Я повернулся к нему.
— На меня сегодня восемнадцать человек пришло.
Он удивился.
— Не врешь? Я такого не припомню…
— Вчера было двадцать четыре. А неделю назад — двенадцать на «Голубой мазурке». А на сцене пятьдесят… Как у вас дела, Павел Андреевич? Вылечили?
— От заикания…
— Точно! Как же я не заметил… — я радовался почти искренне, поняв, что дело плохо. — Когда же приступите, так сказать, к исполнению?
— Зайди ко мне после спектакля… Про Москву расскажу… — его предложение было неожиданно, польстило мне, никогда прежде не было у нас такой близости, и я сразу согласился.
Он ушел — нервный, беспокойный и в то же время какой-то заторможенный, не прощаясь, ушел.

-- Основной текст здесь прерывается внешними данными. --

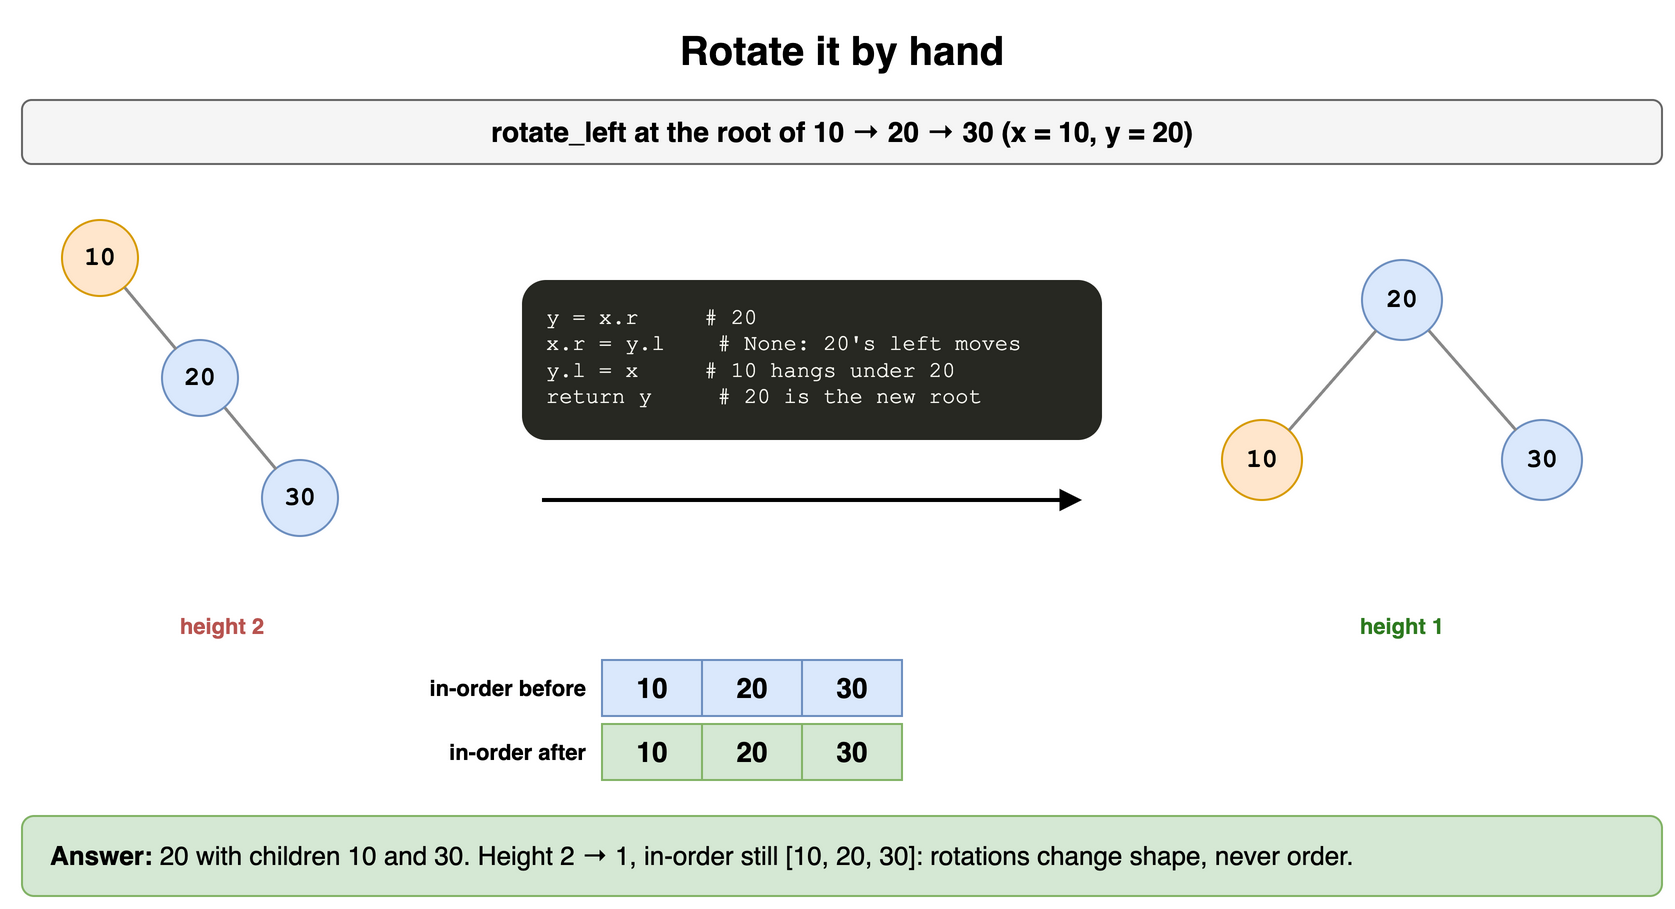

The diagram above was exported from draw.io. Its source (the exported page's mxGraphModel, read from the mxfile embedded in the PNG):
<mxGraphModel dx="900" dy="462" grid="1" gridSize="10" guides="1" tooltips="1" connect="1" arrows="1" fold="1" page="1" pageScale="1" pageWidth="900" pageHeight="462" math="0" shadow="0">
  <root>
    <mxCell id="0" />
    <mxCell id="1" parent="0" />
    <mxCell id="d14t1" value="Rotate it by hand" style="text;html=1;align=center;verticalAlign=middle;whiteSpace=wrap;fontSize=20;fontStyle=1;" vertex="1" parent="1">
      <mxGeometry x="40" y="10" width="820" height="30" as="geometry" />
    </mxCell>
    <mxCell id="d14t2" value="rotate_left at the root of 10 → 20 → 30 (x = 10, y = 20)" style="rounded=1;whiteSpace=wrap;html=1;fillColor=#f5f5f5;strokeColor=#666666;fontStyle=1;fontSize=14;" vertex="1" parent="1">
      <mxGeometry x="40" y="50" width="820" height="32" as="geometry" />
    </mxCell>
    <mxCell id="d14t3" value="10" style="ellipse;whiteSpace=wrap;html=1;fontStyle=1;fontSize=13;fontFamily=Courier New;fillColor=#ffe6cc;strokeColor=#d79b00;" vertex="1" parent="1">
      <mxGeometry x="60.0" y="110.0" width="38" height="38" as="geometry" />
    </mxCell>
    <mxCell id="d14t4" value="20" style="ellipse;whiteSpace=wrap;html=1;fontStyle=1;fontSize=13;fontFamily=Courier New;fillColor=#dae8fc;strokeColor=#6c8ebf;" vertex="1" parent="1">
      <mxGeometry x="110.0" y="170.0" width="38" height="38" as="geometry" />
    </mxCell>
    <mxCell id="d14t5" value="30" style="ellipse;whiteSpace=wrap;html=1;fontStyle=1;fontSize=13;fontFamily=Courier New;fillColor=#dae8fc;strokeColor=#6c8ebf;" vertex="1" parent="1">
      <mxGeometry x="160.0" y="230.0" width="38" height="38" as="geometry" />
    </mxCell>
    <mxCell id="d14t6" value="" style="endArrow=none;html=1;strokeWidth=1.5;strokeColor=#888888;" edge="1" parent="1" source="d14t4" target="d14t5">
      <mxGeometry relative="1" as="geometry" />
    </mxCell>
    <mxCell id="d14t7" value="" style="endArrow=none;html=1;strokeWidth=1.5;strokeColor=#888888;" edge="1" parent="1" source="d14t3" target="d14t4">
      <mxGeometry relative="1" as="geometry" />
    </mxCell>
    <mxCell id="d14t8" value="height 2" style="text;html=1;whiteSpace=wrap;fontSize=11;align=center;fontColor=#b85450;fontStyle=1;" vertex="1" parent="1">
      <mxGeometry x="50" y="300" width="180" height="18" as="geometry" />
    </mxCell>
    <mxCell id="d14t9" value="y = x.r&amp;nbsp;&amp;nbsp;&amp;nbsp;&amp;nbsp;  # 20&lt;br&gt;x.r = y.l&amp;nbsp;&amp;nbsp;&amp;nbsp;&amp;nbsp;# None: 20's left moves&lt;br&gt;y.l = x&amp;nbsp;&amp;nbsp;&amp;nbsp;&amp;nbsp;  # 10 hangs under 20&lt;br&gt;return y&amp;nbsp;&amp;nbsp;&amp;nbsp;&amp;nbsp; # 20 is the new root" style="rounded=1;whiteSpace=wrap;html=1;align=left;verticalAlign=top;spacingLeft=10;spacingTop=6;fontFamily=Courier New;fontSize=11;fillColor=#272822;fontColor=#f8f8f2;strokeColor=none;" vertex="1" parent="1">
      <mxGeometry x="290" y="140" width="290" height="80" as="geometry" />
    </mxCell>
    <mxCell id="d14t10" value="" style="endArrow=block;html=1;strokeWidth=2;" edge="1" parent="1">
      <mxGeometry relative="1" as="geometry">
        <mxPoint x="300" y="250" as="sourcePoint" />
        <mxPoint x="570" y="250" as="targetPoint" />
        <Array as="points" />
      </mxGeometry>
    </mxCell>
    <mxCell id="d14t11" value="10" style="ellipse;whiteSpace=wrap;html=1;fontStyle=1;fontSize=13;fontFamily=Courier New;fillColor=#ffe6cc;strokeColor=#d79b00;" vertex="1" parent="1">
      <mxGeometry x="640.0" y="210.0" width="40" height="40" as="geometry" />
    </mxCell>
    <mxCell id="d14t12" value="20" style="ellipse;whiteSpace=wrap;html=1;fontStyle=1;fontSize=13;fontFamily=Courier New;fillColor=#dae8fc;strokeColor=#6c8ebf;" vertex="1" parent="1">
      <mxGeometry x="710.0" y="130.0" width="40" height="40" as="geometry" />
    </mxCell>
    <mxCell id="d14t13" value="30" style="ellipse;whiteSpace=wrap;html=1;fontStyle=1;fontSize=13;fontFamily=Courier New;fillColor=#dae8fc;strokeColor=#6c8ebf;" vertex="1" parent="1">
      <mxGeometry x="780.0" y="210.0" width="40" height="40" as="geometry" />
    </mxCell>
    <mxCell id="d14t14" value="" style="endArrow=none;html=1;strokeWidth=1.5;strokeColor=#888888;" edge="1" parent="1" source="d14t12" target="d14t11">
      <mxGeometry relative="1" as="geometry" />
    </mxCell>
    <mxCell id="d14t15" value="" style="endArrow=none;html=1;strokeWidth=1.5;strokeColor=#888888;" edge="1" parent="1" source="d14t12" target="d14t13">
      <mxGeometry relative="1" as="geometry" />
    </mxCell>
    <mxCell id="d14t16" value="height 1" style="text;html=1;whiteSpace=wrap;fontSize=11;align=center;fontColor=#2d7a1f;fontStyle=1;" vertex="1" parent="1">
      <mxGeometry x="640" y="300" width="180" height="18" as="geometry" />
    </mxCell>
    <mxCell id="d14t17" value="in-order before" style="text;html=1;whiteSpace=wrap;fontSize=11;align=right;verticalAlign=middle;fontStyle=1;" vertex="1" parent="1">
      <mxGeometry x="204" y="330" width="120" height="28" as="geometry" />
    </mxCell>
    <mxCell id="d14t18" value="10" style="rounded=0;whiteSpace=wrap;html=1;fontStyle=1;fontSize=14;fillColor=#dae8fc;strokeColor=#6c8ebf;" vertex="1" parent="1">
      <mxGeometry x="330" y="330" width="50" height="28" as="geometry" />
    </mxCell>
    <mxCell id="d14t19" value="20" style="rounded=0;whiteSpace=wrap;html=1;fontStyle=1;fontSize=14;fillColor=#dae8fc;strokeColor=#6c8ebf;" vertex="1" parent="1">
      <mxGeometry x="380" y="330" width="50" height="28" as="geometry" />
    </mxCell>
    <mxCell id="d14t20" value="30" style="rounded=0;whiteSpace=wrap;html=1;fontStyle=1;fontSize=14;fillColor=#dae8fc;strokeColor=#6c8ebf;" vertex="1" parent="1">
      <mxGeometry x="430" y="330" width="50" height="28" as="geometry" />
    </mxCell>
    <mxCell id="d14t21" value="in-order after" style="text;html=1;whiteSpace=wrap;fontSize=11;align=right;verticalAlign=middle;fontStyle=1;" vertex="1" parent="1">
      <mxGeometry x="204" y="362" width="120" height="28" as="geometry" />
    </mxCell>
    <mxCell id="d14t22" value="10" style="rounded=0;whiteSpace=wrap;html=1;fontStyle=1;fontSize=14;fillColor=#d5e8d4;strokeColor=#82b366;" vertex="1" parent="1">
      <mxGeometry x="330" y="362" width="50" height="28" as="geometry" />
    </mxCell>
    <mxCell id="d14t23" value="20" style="rounded=0;whiteSpace=wrap;html=1;fontStyle=1;fontSize=14;fillColor=#d5e8d4;strokeColor=#82b366;" vertex="1" parent="1">
      <mxGeometry x="380" y="362" width="50" height="28" as="geometry" />
    </mxCell>
    <mxCell id="d14t24" value="30" style="rounded=0;whiteSpace=wrap;html=1;fontStyle=1;fontSize=14;fillColor=#d5e8d4;strokeColor=#82b366;" vertex="1" parent="1">
      <mxGeometry x="430" y="362" width="50" height="28" as="geometry" />
    </mxCell>
    <mxCell id="d14t25" value="&lt;b&gt;Answer:&lt;/b&gt; 20 with children 10 and 30. Height 2 → 1, in-order still [10, 20, 30]: rotations change shape, never order." style="rounded=1;whiteSpace=wrap;html=1;fillColor=#d5e8d4;strokeColor=#82b366;fontSize=13;align=left;spacingLeft=12;" vertex="1" parent="1">
      <mxGeometry x="40" y="408" width="820" height="40" as="geometry" />
    </mxCell>
  </root>
</mxGraphModel>

Со спины было видно, что он здорово похудел.
Дома у него пахло лекарствами, жена смотрела на него как на больного ребенка, старалась не раздражать, старалась делать вид, что ничего не случилось, но от того, что она старалась, я видел, что любое ее слово, любая забота ему в тягость.
Словно меня очень волновало, что происходит в Москве, он длинно и вяло рассказывал о премьерах, о последних сплетнях и анекдотах, и только потом рассказал, что с ним: операции не было, петь нельзя, месяца два, по возможности, молчание и микстуры, потом опять в Москву на консультацию, а что потом — неизвестно.
Невеселый был вечер.
Два месяца он старался не бывать в театре, не приглашал меня к себе, старался не бывать на улицах: в нашем маленьком городке, где почти все знали друг друга, он — такая знаменитость — не мог быть не замечен, и совершенно незнакомые люди, из самых хороших побуждений, обращались к нему как к хорошему знакомому с расспросами о здоровье, с сочувствием, что было хуже всего, и только досаждали ему.
Потом он уехал и как-то совсем незаметно вернулся. По городу прошел слух, что ничего не вышло, что он больше не певец, что он запил горькую. Я не выдержал и без приглашения пошел к нему домой.
Не понял я, был ли он пьян, но был явно раздражен. У рта залегли тяжелые складки, он был небрит, щеки ввалились, от былой мощи и красоты и следа не осталось: передо мной сидел сгорбленный, немолодой, желчный человек. Говорил он, не глядя в глаза, да почти и не говорил, только что-то хрипел сквозь зубы, и когда я спросил, может, мне уйти? — он лаконично и твердо кивнул головой. Обиженный таким приемом, огорченный за него, я ушел.